Les experts politiques et les analystes s’accordent sur le fait que la visite, même si elle a pris un caractère technique et sectoriel, porte néanmoins dans son contenu des messages diplomatiques et politiques clairs selon lesquels la situation que connaît la région du Sahel depuis plus d’une décennie impose une zone de coopération stratégique entre les pays de la région au service de la stabilité régionale. Dr Abdelhak Ben Saadi, professeur à la Faculté des sciences politiques et des relations internationales, déclare : « Cette visite vient mettre fin à la rupture provoquée par les tensions politiques, mais aujourd’hui tous les indicateurs pointent vers… un redressement de la situation et un retour à ce qui était avant la crise d’avril dernier ».
La Présidence de la République a annoncé, avant-hier, que « le président Tiani effectuera une visite qu’elle a qualifiée de « visite fraternelle et de travail » à la tête d’une importante délégation en Algérie, d’une durée de deux jours, estimant qu’elle représente une opportunité pour aborder les questions politiques liées au continent africain en général, et au voisinage de la côte saharienne en particulier, et vise « à renforcer les liens de fraternité, de coopération et de bon voisinage entre les deux pays frères, dans le cadre d’une nouvelle dynamique pour une meilleure exploitation de leurs capacités et potentiels, au bénéfice des deux peuples algériens. Et nigérian« .

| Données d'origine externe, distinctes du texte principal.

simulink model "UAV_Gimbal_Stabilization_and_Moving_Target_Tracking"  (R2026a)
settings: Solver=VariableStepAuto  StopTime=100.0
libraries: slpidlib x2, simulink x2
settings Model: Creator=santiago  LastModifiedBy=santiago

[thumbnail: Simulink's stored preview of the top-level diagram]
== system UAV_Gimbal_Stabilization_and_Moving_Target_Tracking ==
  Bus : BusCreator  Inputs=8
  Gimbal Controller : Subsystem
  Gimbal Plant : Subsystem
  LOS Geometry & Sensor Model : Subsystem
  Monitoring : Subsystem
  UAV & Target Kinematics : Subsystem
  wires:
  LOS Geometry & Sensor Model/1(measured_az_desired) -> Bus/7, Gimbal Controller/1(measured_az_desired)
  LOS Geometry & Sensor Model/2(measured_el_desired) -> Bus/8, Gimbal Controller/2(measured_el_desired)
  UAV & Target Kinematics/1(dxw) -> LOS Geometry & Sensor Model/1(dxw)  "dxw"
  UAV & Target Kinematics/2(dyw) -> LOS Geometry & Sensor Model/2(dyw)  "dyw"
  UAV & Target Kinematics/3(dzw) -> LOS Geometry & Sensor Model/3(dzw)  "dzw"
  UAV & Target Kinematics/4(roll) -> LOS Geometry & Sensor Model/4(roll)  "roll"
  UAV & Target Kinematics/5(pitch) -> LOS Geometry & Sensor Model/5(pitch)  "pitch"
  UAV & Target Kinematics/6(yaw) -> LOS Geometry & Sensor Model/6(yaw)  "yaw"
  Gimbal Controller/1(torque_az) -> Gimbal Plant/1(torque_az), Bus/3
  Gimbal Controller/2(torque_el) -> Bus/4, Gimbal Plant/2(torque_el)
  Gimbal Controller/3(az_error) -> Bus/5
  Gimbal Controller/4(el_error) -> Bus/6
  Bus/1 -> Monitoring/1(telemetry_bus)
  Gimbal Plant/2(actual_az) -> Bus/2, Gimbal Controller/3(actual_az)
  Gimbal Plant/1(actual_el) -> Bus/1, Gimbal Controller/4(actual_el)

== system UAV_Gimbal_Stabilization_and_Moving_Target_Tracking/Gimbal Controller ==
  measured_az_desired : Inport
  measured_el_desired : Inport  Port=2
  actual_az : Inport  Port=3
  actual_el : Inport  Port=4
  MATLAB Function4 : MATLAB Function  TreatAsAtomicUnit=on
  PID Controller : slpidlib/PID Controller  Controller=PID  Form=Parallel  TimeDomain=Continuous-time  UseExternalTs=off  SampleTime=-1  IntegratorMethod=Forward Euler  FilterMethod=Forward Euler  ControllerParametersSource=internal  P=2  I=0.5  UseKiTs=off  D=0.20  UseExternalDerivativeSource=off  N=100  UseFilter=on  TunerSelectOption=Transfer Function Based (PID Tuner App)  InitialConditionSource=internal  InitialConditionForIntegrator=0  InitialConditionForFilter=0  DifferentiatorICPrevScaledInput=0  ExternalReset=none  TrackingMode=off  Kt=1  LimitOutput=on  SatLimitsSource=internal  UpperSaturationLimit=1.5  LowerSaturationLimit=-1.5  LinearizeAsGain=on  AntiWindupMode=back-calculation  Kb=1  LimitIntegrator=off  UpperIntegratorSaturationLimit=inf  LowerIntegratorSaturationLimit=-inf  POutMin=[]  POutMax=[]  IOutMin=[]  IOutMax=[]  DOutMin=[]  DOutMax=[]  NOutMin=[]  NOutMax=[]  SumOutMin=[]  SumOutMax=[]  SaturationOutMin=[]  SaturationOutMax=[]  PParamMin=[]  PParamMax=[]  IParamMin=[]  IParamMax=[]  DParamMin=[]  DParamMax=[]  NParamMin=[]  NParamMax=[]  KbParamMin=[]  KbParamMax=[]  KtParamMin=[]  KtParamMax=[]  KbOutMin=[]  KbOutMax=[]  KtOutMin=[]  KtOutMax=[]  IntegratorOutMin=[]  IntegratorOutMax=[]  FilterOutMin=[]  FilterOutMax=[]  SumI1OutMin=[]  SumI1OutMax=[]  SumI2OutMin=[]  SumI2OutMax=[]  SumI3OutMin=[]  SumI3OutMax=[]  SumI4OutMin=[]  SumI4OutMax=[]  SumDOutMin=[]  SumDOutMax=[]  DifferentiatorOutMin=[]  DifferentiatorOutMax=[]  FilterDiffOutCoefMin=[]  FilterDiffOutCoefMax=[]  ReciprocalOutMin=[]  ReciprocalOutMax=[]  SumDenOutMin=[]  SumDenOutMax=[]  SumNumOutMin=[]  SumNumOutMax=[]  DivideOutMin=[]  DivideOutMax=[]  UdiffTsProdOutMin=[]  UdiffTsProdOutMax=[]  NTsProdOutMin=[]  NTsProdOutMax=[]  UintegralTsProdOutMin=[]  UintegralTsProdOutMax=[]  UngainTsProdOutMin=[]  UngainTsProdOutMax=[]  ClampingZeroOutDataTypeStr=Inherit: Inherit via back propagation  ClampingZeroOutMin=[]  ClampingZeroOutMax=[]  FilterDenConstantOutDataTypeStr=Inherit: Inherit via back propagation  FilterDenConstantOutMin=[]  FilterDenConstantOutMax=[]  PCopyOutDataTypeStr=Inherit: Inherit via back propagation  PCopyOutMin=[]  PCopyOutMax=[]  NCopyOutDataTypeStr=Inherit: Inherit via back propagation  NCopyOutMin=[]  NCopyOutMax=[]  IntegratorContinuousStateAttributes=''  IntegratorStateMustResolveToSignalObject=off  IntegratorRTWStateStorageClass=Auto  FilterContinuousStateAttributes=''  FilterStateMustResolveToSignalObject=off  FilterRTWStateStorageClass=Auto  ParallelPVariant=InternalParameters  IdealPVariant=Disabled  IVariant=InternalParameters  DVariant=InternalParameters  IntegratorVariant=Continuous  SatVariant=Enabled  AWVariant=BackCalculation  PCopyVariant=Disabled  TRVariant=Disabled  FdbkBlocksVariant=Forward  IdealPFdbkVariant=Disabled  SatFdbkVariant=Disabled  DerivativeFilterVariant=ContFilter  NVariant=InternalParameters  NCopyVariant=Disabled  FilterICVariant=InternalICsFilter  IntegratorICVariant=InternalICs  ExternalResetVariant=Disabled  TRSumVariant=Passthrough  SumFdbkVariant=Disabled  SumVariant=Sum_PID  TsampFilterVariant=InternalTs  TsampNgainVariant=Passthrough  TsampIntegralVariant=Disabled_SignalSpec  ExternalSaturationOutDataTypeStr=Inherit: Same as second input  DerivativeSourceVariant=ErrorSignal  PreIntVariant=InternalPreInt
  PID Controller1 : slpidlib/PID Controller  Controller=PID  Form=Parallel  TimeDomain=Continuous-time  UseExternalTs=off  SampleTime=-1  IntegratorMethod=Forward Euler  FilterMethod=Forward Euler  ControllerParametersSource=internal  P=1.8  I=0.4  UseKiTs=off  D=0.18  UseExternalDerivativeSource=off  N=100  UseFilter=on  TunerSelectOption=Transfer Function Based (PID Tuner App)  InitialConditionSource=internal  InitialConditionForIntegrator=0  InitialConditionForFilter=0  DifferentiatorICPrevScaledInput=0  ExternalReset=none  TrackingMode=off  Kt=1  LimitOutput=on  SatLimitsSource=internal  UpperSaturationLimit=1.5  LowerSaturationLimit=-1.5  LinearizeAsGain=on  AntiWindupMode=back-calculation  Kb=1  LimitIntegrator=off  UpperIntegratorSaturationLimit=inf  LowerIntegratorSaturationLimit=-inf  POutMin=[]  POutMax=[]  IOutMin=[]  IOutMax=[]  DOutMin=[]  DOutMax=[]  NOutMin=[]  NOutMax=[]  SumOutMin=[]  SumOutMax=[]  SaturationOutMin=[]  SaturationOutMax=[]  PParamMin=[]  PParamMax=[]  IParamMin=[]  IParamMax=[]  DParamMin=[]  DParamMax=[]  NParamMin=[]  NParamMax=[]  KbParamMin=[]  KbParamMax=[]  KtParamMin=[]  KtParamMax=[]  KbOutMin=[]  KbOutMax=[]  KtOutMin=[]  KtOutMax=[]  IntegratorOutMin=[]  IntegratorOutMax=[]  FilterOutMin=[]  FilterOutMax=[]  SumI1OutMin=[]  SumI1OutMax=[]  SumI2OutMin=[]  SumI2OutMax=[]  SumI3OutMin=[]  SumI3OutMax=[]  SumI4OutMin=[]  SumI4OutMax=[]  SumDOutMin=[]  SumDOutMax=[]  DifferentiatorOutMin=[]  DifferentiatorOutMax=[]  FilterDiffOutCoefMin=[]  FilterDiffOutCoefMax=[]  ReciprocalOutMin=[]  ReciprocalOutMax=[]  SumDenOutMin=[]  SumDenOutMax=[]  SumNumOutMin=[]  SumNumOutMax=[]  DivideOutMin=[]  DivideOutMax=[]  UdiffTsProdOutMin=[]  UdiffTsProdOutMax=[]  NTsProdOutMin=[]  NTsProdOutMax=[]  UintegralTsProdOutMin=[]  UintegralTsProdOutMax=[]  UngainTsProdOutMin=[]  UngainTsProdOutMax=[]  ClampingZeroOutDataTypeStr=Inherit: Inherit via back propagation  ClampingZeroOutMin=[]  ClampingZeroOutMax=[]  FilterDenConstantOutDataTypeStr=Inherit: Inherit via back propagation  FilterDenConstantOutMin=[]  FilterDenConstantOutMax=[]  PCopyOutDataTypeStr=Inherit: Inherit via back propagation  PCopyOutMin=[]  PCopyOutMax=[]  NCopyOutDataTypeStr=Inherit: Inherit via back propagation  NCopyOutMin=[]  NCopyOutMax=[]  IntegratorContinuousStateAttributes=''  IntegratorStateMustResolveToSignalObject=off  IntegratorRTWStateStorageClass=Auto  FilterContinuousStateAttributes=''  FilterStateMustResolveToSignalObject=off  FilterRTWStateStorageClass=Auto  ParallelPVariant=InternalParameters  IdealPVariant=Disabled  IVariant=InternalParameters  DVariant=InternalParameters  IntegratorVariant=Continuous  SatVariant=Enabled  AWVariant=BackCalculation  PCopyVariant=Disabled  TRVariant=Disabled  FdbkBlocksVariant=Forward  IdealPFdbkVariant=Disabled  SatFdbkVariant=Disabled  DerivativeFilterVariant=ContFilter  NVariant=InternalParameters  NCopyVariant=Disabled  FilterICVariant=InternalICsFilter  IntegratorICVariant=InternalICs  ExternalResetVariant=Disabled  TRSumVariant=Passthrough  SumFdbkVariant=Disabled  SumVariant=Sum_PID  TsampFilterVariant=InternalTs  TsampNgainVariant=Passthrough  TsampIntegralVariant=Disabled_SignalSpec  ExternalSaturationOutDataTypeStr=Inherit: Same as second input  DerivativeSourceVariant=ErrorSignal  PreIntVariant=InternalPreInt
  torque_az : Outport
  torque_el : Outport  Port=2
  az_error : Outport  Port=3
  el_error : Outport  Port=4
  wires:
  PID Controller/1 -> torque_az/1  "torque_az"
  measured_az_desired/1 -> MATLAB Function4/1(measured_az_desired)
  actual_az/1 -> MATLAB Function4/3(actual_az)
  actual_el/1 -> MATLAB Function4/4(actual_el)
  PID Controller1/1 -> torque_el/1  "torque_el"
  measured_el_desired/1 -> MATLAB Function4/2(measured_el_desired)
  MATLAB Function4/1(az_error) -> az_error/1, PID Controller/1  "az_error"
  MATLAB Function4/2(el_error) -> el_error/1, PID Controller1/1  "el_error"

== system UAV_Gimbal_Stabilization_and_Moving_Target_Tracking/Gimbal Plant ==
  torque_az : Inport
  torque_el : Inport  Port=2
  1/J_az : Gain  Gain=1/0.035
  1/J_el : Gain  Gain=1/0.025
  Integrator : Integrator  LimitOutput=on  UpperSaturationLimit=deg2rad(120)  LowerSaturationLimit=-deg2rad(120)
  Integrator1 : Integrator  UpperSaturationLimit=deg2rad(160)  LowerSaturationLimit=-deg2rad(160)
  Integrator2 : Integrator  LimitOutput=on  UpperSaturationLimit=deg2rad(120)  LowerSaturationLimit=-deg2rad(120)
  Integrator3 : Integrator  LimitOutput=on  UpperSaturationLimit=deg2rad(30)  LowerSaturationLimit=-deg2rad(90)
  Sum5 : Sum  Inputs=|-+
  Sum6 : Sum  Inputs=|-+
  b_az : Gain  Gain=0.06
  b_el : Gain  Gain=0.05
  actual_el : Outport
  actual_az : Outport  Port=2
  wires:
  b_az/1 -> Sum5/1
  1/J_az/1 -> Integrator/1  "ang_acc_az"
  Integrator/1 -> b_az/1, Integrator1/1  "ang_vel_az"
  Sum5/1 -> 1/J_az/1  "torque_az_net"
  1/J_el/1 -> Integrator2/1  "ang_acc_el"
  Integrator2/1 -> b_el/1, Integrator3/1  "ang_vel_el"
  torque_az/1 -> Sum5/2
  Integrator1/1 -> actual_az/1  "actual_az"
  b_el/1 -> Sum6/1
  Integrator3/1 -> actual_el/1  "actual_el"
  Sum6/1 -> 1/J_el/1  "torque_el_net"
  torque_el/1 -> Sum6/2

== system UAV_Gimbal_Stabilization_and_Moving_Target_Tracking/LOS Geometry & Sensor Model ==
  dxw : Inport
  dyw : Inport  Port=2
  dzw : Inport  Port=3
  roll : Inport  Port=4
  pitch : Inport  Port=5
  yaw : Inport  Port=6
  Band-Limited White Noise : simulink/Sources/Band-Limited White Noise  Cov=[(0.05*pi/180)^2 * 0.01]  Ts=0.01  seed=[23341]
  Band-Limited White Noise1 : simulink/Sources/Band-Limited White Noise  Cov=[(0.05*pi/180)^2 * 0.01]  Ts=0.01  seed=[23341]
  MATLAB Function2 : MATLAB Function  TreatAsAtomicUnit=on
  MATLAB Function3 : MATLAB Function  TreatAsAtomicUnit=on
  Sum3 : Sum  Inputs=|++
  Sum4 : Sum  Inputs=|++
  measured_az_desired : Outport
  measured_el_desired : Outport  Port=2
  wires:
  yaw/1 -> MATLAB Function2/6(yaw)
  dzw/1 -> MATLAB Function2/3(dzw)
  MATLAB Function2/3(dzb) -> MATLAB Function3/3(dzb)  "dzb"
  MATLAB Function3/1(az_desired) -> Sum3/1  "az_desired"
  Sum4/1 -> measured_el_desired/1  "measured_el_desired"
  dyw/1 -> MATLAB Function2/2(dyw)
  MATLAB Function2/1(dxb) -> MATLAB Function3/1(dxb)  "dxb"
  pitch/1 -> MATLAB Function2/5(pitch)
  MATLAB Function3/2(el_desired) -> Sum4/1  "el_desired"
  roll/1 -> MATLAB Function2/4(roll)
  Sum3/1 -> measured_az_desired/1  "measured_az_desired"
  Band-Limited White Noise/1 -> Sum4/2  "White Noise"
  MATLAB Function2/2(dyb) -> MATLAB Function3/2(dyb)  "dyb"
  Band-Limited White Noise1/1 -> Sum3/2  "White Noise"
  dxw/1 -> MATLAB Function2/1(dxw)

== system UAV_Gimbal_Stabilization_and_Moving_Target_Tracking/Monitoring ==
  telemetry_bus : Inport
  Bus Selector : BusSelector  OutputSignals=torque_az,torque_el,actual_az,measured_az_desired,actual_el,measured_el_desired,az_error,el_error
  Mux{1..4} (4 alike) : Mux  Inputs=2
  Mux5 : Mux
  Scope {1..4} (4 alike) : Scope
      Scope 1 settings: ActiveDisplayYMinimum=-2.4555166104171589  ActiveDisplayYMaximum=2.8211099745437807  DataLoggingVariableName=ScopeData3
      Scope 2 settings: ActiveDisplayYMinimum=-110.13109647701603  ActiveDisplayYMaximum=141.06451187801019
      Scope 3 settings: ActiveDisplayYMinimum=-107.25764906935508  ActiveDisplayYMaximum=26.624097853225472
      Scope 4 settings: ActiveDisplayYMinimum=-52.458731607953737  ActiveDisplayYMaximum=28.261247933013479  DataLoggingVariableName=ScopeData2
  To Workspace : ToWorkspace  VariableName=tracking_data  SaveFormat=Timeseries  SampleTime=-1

De nombreux dossiers seront présents et fortement dans les débats, notamment : l’énergie et la coopération existante autour du projet qui relie 3 pays (Algérie, Niger, Nigeria), représenté par le projet de gazoduc transsaharien. Tous ces dossiers ont été soumis à une première discussion lors de la visite réussie du ministre des hydrocarbures et des mines, Mohamed Arkab, à Niamey. L’un des fruits économiques les plus marquants de la visite est la reprise des activités de Sonatrach sur les territoires nigérians, notamment sur le marché des hydrocarbures, où elle participera au domaine de la recherche. Et l’exploration au nord du Niger à travers sa filiale.
Outre les questions liées à l’aspect humanitaire, Dr Abdelhak Ben Saadi affirme : « Le Niger souffre de multiples crises dues aux faibles indicateurs de développement humain et à l’insécurité. On peut donc dire que le champ sera ouvert pour promouvoir la coopération, d’autant plus que l’Algérie recherche les marchés africains pour canaliser ses exportations et même mettre en œuvre et financer un ensemble de projets de développement dans le cadre d’un programme d’appui fourni par l’Algérie au profit du Niger, dans les secteurs de l’approvisionnement en eau potable, voire des centres de formation professionnelle et d’éducation ». Comme la construction d’écoles et de centres de formation, ainsi que la construction de centres de santé pour les villes du nord du Niger.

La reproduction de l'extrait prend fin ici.